Data for the task ▸

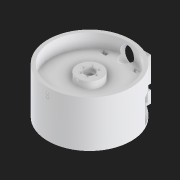
# Autodesk Inventor part: AA035c
Saved by Autodesk Inventor 2017 SP1 (Build 210196100, 196)
## iProperties
Created: 2018-03-20
Part Number: AA035c
Material: ABS Plastic
Document SubType Name: Modeling
Designer: Zach
Density: 1.06 g/cm^3
Appearance: CR White
Author: Zach
Autodesk Inventor part; units mm, degrees
ref_plane "YZ Plane" through (0, 0, 0) normal (1, 0, 0) x (0, 1, 0)
ref_plane "XZ Plane" through (0, 0, 0) normal (0, 1, 0) x (-1, 0, 0)
ref_plane "XY Plane" through (0, 0, 0) normal (0, 0, 1) x (1, 0, 0)
sketch "Sketch1" plane through (0, 0, 0) normal (0, 0, 1) x (1, 0, 0)
  circle A0 centre (0, 0) radius 60
  circle A1 centre (0, 0) radius 5
  dimension "d0" = 120
  dimension "d1" = 10
  constraints: 2 centre point, 2 coincident
  measures "d0" diameter of A0
  measures "d1" diameter of A1
extrude "Extrusion1" add sketch "Sketch1" along normal blind 67 contours A0 | A1
sketch "Sketch2" plane through (0, 0, 0) normal (0, 1, 0) x (-1, 0, 0)
  line L0 (-60, 0) -> (60, 0) projected
  line L1 (27.5, 0) -> (-27.5, 0)
  line L2 (-27.5, 0) -> (-27.5, 61)
  line L3 (-27.5, 61) -> (27.5, 61)
  line L4 (27.5, 61) -> (27.5, 0)
  point P0 (0, 0)
  point P1 (0, 0)
  dimension "d4" = 55
  dimension "d5" = 61
  constraints: 8 end point, 2 midpoint, 2 parallel, 1 horizontal, 1 perpendicular, 1 point on line
  measures "d4" distance of L2.end L3.end
  measures "d5" distance of L1.end L2.end
extrude "Extrusion2" add sketch "Sketch2" along normal blind 61.3268
sketch "Sketch3" plane through (0, 61.3268, 0) normal (0, 1, 0) x (1, 0, 0)
  line L0 (22.5, -3.5) -> (-22.5, -3.5) construction
  line L1 (-22.5, -3.5) -> (-22.5, -43.5) construction
  line L2 (-22.5, -43.5) -> (22.5, -43.5) construction
  line L3 (22.5, -43.5) -> (22.5, -3.5) construction
  line L4 (27.5, 0) -> (-27.5, 0) construction
  circle A0 centre (-22.5, -43.5) radius 2.5
  circle A1 centre (-22.5, -3.5) radius 2.5
  circle A2 centre (22.5, -3.5) radius 2.5
  circle A3 centre (22.5, -43.5) radius 2.5
  point P0 (0, 0)
  point P1 (0, -3.5)
  point P2 (0, 0)
  dimension "d8" = 45
  dimension "d9" = 40
  dimension "d10" = 3.5
  dimension "d11" = 5
  dimension "d12" = 5
  dimension "d13" = 5
  dimension "d14" = 5
  constraints: 8 end point, 4 centre point, 4 coincident, 2 midpoint, 2 parallel, 1 horizontal, 1 perpendicular, 1 vertical alignment
  measures "d8" distance of L2.end L1.end
  measures "d9" distance of L1.end L0.end
  measures "d10" distance from line of L4 L0.end
  measures "d11" diameter of A0
  measures "d12" diameter of A1
  measures "d13" diameter of A2
  measures "d14" diameter of A3
extrude "Extrusion3" cut sketch "Sketch3" against normal blind 30
sketch "Sketch4" plane through (0, 0, 67) normal (0, 0, 1) x (1, 0, 0)
  circle A0 centre (0, 0) radius 55
  dimension "d17" = 110
  constraints: 1 centre point, 1 coincident
  measures "d17" diameter of A0
extrude "Extrusion4" cut sketch "Sketch4" against normal blind 20
sketch "Sketch5" plane through (0, 0, 47) normal (0, 0, 1) x (1, 0, 0)
  circle A0 centre (0, 0) radius 17.5
  dimension "d20" = 35
  constraints: 1 centre point, 1 coincident
  measures "d20" diameter of A0
extrude "Extrusion5" add sketch "Sketch5" along normal blind 10
sketch "Sketch6" plane through (0, 0, 57) normal (0, 0, 1) x (1, 0, 0)
  circle A0 centre (0, 0) radius 5
  dimension "d23" = 10
  constraints: 1 centre point, 1 coincident
  measures "d23" diameter of A0
extrude "Extrusion6" cut sketch "Sketch6" against normal through all
sketch "Sketch7" plane through (0, 0, 57) normal (0, 0, 1) x (1, 0, 0)
  circle A0 centre (0, 0) radius 7.5
  dimension "d26" = 15
  constraints: 1 centre point, 1 coincident
  measures "d26" diameter of A0
extrude "Extrusion7" cut sketch "Sketch7" against normal blind 5
sketch "Sketch8" plane through (0, 0, 57) normal (0, 0, 1) x (1, 0, 0)
  circle A0 centre (-9.525, 0) radius 1.5
  circle A1 centre (-4.7625, -8.2489) radius 1.5
  circle A2 centre (4.7625, -8.2489) radius 1.5
  circle A3 centre (9.525, 0) radius 1.5
  circle A4 centre (4.7625, 8.2489) radius 1.5
  circle A5 centre (-4.7625, 8.2489) radius 1.5
  point P0 (0, 0)
  dimension "d29" = 3
  dimension "d30" = 9.525
  dimension "d33" = 360
  constraints: 6 centre point, 1 horizontal alignment, 13 other
  measures "d29" diameter of A0
  measures "d30" distance of point (0, 0) A0.centre
extrude "Extrusion8" cut sketch "Sketch8" against normal blind 15
sketch "Sketch9" plane through (0, 0, 0) normal (0, 1, 0) x (-1, 0, 0)
  line L0 (-7.5, 57) -> (7.5, 57) projected
  circle A0 centre (0, 54.65) radius 1.5
  circle A1 centre (0, 59.75) radius 1.5
  line L1 (0, 59.75) -> (0, 54.65)
  line L2 (0, 58.25) -> (0, 56.15)
  point P0 (0, 0)
  point P1 (0, 57.2)
  point P2 (0, 57)
  dimension "d41" = 3
  dimension "d42" = 3
  dimension "d44" = 2.1
  dimension "d45" = 1.25
  constraints: 4 end point, 3 vertical alignment, 2 midpoint, 2 point on line, 1 vertical, 4 other
  measures "d44" distance of L2.start L2.end
  measures "d45" distance from line of L0 L2.start
extrude "Extrusion9" cut sketch "Sketch9" against normal through all
sketch "Sketch10" plane through (0, 0, 0) normal (0, 0, -1) x (-1, 0, 0)
  line L0 (0, 0) -> (-33.8074, -9.0587) construction
  line L1 (0, 0) -> (35, 0) construction
  circle A0 centre (-33.8074, -9.0587) radius 2.5
  circle A1 centre (-24.7487, 24.7487) radius 2.5
  circle A2 centre (9.0587, 33.8074) radius 2.5
  circle A3 centre (33.8074, 9.0587) radius 2.5
  circle A4 centre (24.7487, -24.7487) radius 2.5
  circle A5 centre (-9.0587, -33.8074) radius 2.5
  dimension "d48" = 35
  dimension "d49" = 165
  dimension "d50" = 5
  dimension "d53" = 360
  constraints: 6 centre point, 4 end point, 3 coincident, 1 equal length, 1 horizontal, 16 other
  measures "d48" distance of L0.start L0.end
  measures "d49" angle of L0 L1
  measures "d50" diameter of A0
extrude "Extrusion10" cut sketch "Sketch10" against normal blind 25
sketch "Sketch11" plane through (0, 0, 47) normal (0, 0, 1) x (1, 0, 0)
  line L0 (-25, 31.3268) -> (-20, 31.3268) projected
  line L1 (-25, 61.3268) -> (-20, 61.3268) projected
  line L2 (20, 31.3268) -> (25, 31.3268) projected
  line L3 (20, 61.3268) -> (25, 61.3268) projected
  line L4 (27, 41.3268) -> (18, 41.3268)
  line L5 (18, 41.3268) -> (18, 46.3268)
  line L6 (18, 46.3268) -> (27, 46.3268)
  line L7 (27, 46.3268) -> (27, 41.3268)
  line L8 (-18, 41.3268) -> (-27, 41.3268)
  line L9 (-27, 41.3268) -> (-27, 46.3268)
  line L10 (-27, 46.3268) -> (-18, 46.3268)
  line L11 (-18, 46.3268) -> (-18, 41.3268)
  point P0 (0, 0)
  point P1 (-22.5, 41.3268)
  point P2 (-22.5, 31.3268)
  point P3 (22.5, 41.3268)
  point P4 (22.5, 31.3268)
  dimension "d57" = 9
  dimension "d58" = 5
  dimension "d59" = 9
  dimension "d60" = 5
  dimension "d61" = 10
  constraints: 16 end point, 4 midpoint, 4 parallel, 2 horizontal, 2 perpendicular, 2 vertical alignment, 1 horizontal alignment
  measures "d57" distance of L5.end L6.end
  measures "d58" distance of L4.end L5.end
  measures "d59" distance of L9.end L10.end
  measures "d60" distance of L8.end L9.end
  measures "d61" distance between parallel lines of L2 L4
extrude "Extrusion11" cut sketch "Sketch11" against normal blind 8.5
sketch "Sketch12" plane through (0, 0, 0) normal (0, 0, -1) x (-1, 0, 0)
  line L0 (-27, 41.3268) -> (-18, 41.3268) projected
  line L1 (-27, 46.3268) -> (-27, 41.3268) projected
  line L2 (-18, 46.3268) -> (-27, 46.3268) projected
  line L3 (-18, 41.3268) -> (-18, 46.3268) projected
  line L4 (18, 41.3268) -> (27, 41.3268) projected
  line L5 (18, 46.3268) -> (18, 41.3268) projected
  line L6 (27, 46.3268) -> (18, 46.3268) projected
  line L7 (27, 41.3268) -> (27, 46.3268) projected
  point P0 (0, 0)
extrude "Extrusion12" cut sketch "Sketch12" against normal blind 8.5
sketch "Sketch14" plane through (0, 61.3268, 0) normal (0, 1, 0) x (1, 0, 0)
  circle A0 centre (0, -21) radius 10
  line L0 (27.5, 0) -> (-27.5, 0) projected
  point P0 (0, 0)
  point P1 (0, 0)
  dimension "d68" = 20
  dimension "d69" = 21
  constraints: 1 centre point, 1 midpoint, 1 vertical alignment
  measures "d68" diameter of A0
  measures "d69" distance of point (0, 0) A0.centre
extrude "Extrusion13" cut sketch "Sketch14" against normal blind 25
sketch "Sketch26" plane through (0, 0, 0) normal (1, 0, 0) x (0, 1, 0)
  line L0 (56.3268, 3.5) -> (26.3268, 3.5)
  line L1 (26.3268, 3.5) -> (26.3268, 38.5)
  line L2 (26.3268, 38.5) -> (56.3268, 38.5)
  line L3 (56.3268, 38.5) -> (56.3268, 3.5)
  line L4 (61.3268, 31) -> (61.3268, 11) projected
  point P0 (0, 0)
  point P1 (56.3268, 21)
  point P2 (61.3268, 21)
  dimension "d124" = 30
  dimension "d125" = 35
  dimension "d126" = 5
  constraints: 8 end point, 2 midpoint, 2 parallel, 1 horizontal, 1 horizontal alignment, 1 perpendicular
  measures "d124" distance of L1.end L2.end
  measures "d125" distance of L0.end L1.end
  measures "d126" distance between parallel lines of L4 L3
extrude "Extrusion22" cut sketch "Sketch26" against normal blind 17 and the other way blind 75
sketch "Sketch28" plane through (18, 46.3268, 0) normal (0, -1, 0) x (1, 0, 0)
  line L0 (-27, 30) -> (6, 30) construction
  line L1 (6, 30) -> (6, 12) construction
  line L2 (6, 12) -> (-27, 12) construction
  line L3 (-27, 12) -> (-27, 30) construction
  circle A0 centre (-18, 21) radius 10 construction
  circle A1 centre (-27, 30) radius 2
  circle A2 centre (6, 30) radius 2
  circle A3 centre (6, 12) radius 2
  circle A4 centre (-27, 12) radius 2
  point P0 (-18, 0)
  point P1 (-27, 21)
  dimension "d131" = 33
  dimension "d132" = 18
  dimension "d133" = 9
  dimension "d134" = 4
  dimension "d135" = 4
  dimension "d136" = 4
  dimension "d137" = 4
  constraints: 8 end point, 4 centre point, 4 coincident, 2 parallel, 1 horizontal, 1 horizontal alignment, 1 midpoint, 1 perpendicular
  measures "d131" distance of L1.end L2.end
  measures "d132" distance of L0.end L1.end
  measures "d133" distance from line of L3 A0.centre
  measures "d134" diameter of A1
  measures "d135" diameter of A2
  measures "d136" diameter of A3
  measures "d137" diameter of A4
extrude "Extrusion23" cut sketch "Sketch28" against normal through all
sketch "Sketch29" plane through (18, 46.3268, 0) normal (0, -1, 0) x (1, 0, 0)
  line L0 (-18, 25) -> (27, 25)
  line L1 (27, 25) -> (27, 17)
  line L2 (27, 17) -> (-18, 17)
  line L3 (-18, 17) -> (-18, 25)
  circle A0 centre (-18, 21) radius 10 projected
  point P0 (-18, 0)
  dimension "d140" = 45
  dimension "d141" = 8
  constraints: 8 end point, 2 coincident, 2 parallel, 1 horizontal, 1 midpoint, 1 perpendicular
  measures "d140" distance from line of L1 A0.centre
  measures "d141" distance of L0.end L1.end
extrude "Extrusion24" cut sketch "Sketch29" against normal through all contours L0 A0 L2 L3 | L0 L1 L2 A0 picked at (-14.6667, 21)
ref_plane "Work Plane5" through (-27.5, 61.3268, 61) normal (0, -0.8660254, 0.5) x (1, 0, 0)
sketch "Sketch30" plane through (-27.5, 61.3268, 61) normal (0, -0.8660254, 0.5) x (1, 0, 0)
  circle A0 centre (27.5, -12) radius 10
  line L0 (0, 0) -> (55, 0) projected
  point P0 (27.5, -83.491)
  point P1 (27.5, 0)
  dimension "d145" = 20
  dimension "d146" = 12
  constraints: 1 centre point, 1 midpoint, 1 vertical alignment
  measures "d145" diameter of A0
  measures "d146" distance from line of A0.centre L0
extrude "Extrusion25" cut sketch "Sketch30" along normal through all both and the other way through all
sketch "Sketch31" plane through (0, 61.3268, 0) normal (0, 1, 0) x (1, 0, 0)
  circle A0 centre (24, -30) radius 2 projected
  circle A1 centre (-9, -30) radius 2 projected
  circle A2 centre (-9, -12) radius 2 projected
  circle A3 centre (24, -12) radius 2 projected
  circle A4 centre (24, -30) radius 3
  circle A5 centre (-9, -30) radius 3
  circle A6 centre (-9, -12) radius 3
  circle A7 centre (24, -12) radius 3
  point P0 (0, 0)
  dimension "d149" = 6
  dimension "d150" = 6
  dimension "d151" = 6
  dimension "d152" = 6
  constraints: 4 centre point, 4 coincident
  measures "d149" diameter of A4
  measures "d150" diameter of A5
  measures "d151" diameter of A6
  measures "d152" diameter of A7
extrude "Extrusion26" cut sketch "Sketch31" against normal blind 2 contours A0 | A1 | A2 | A3 | A4 | A5 | A6 | A7
equation "\"d24\" = d23"
body "Solid1"

What is expected ▸
Every line above holding the string "contours" should be listed.

Output of the exercise ▸
extrude "Extrusion1" add sketch "Sketch1" along normal blind 67 contours A0 | A1
extrude "Extrusion24" cut sketch "Sketch29" against normal through all contours L0 A0 L2 L3 | L0 L1 L2 A0 picked at (-14.6667, 21)
extrude "Extrusion26" cut sketch "Sketch31" against normal blind 2 contours A0 | A1 | A2 | A3 | A4 | A5 | A6 | A7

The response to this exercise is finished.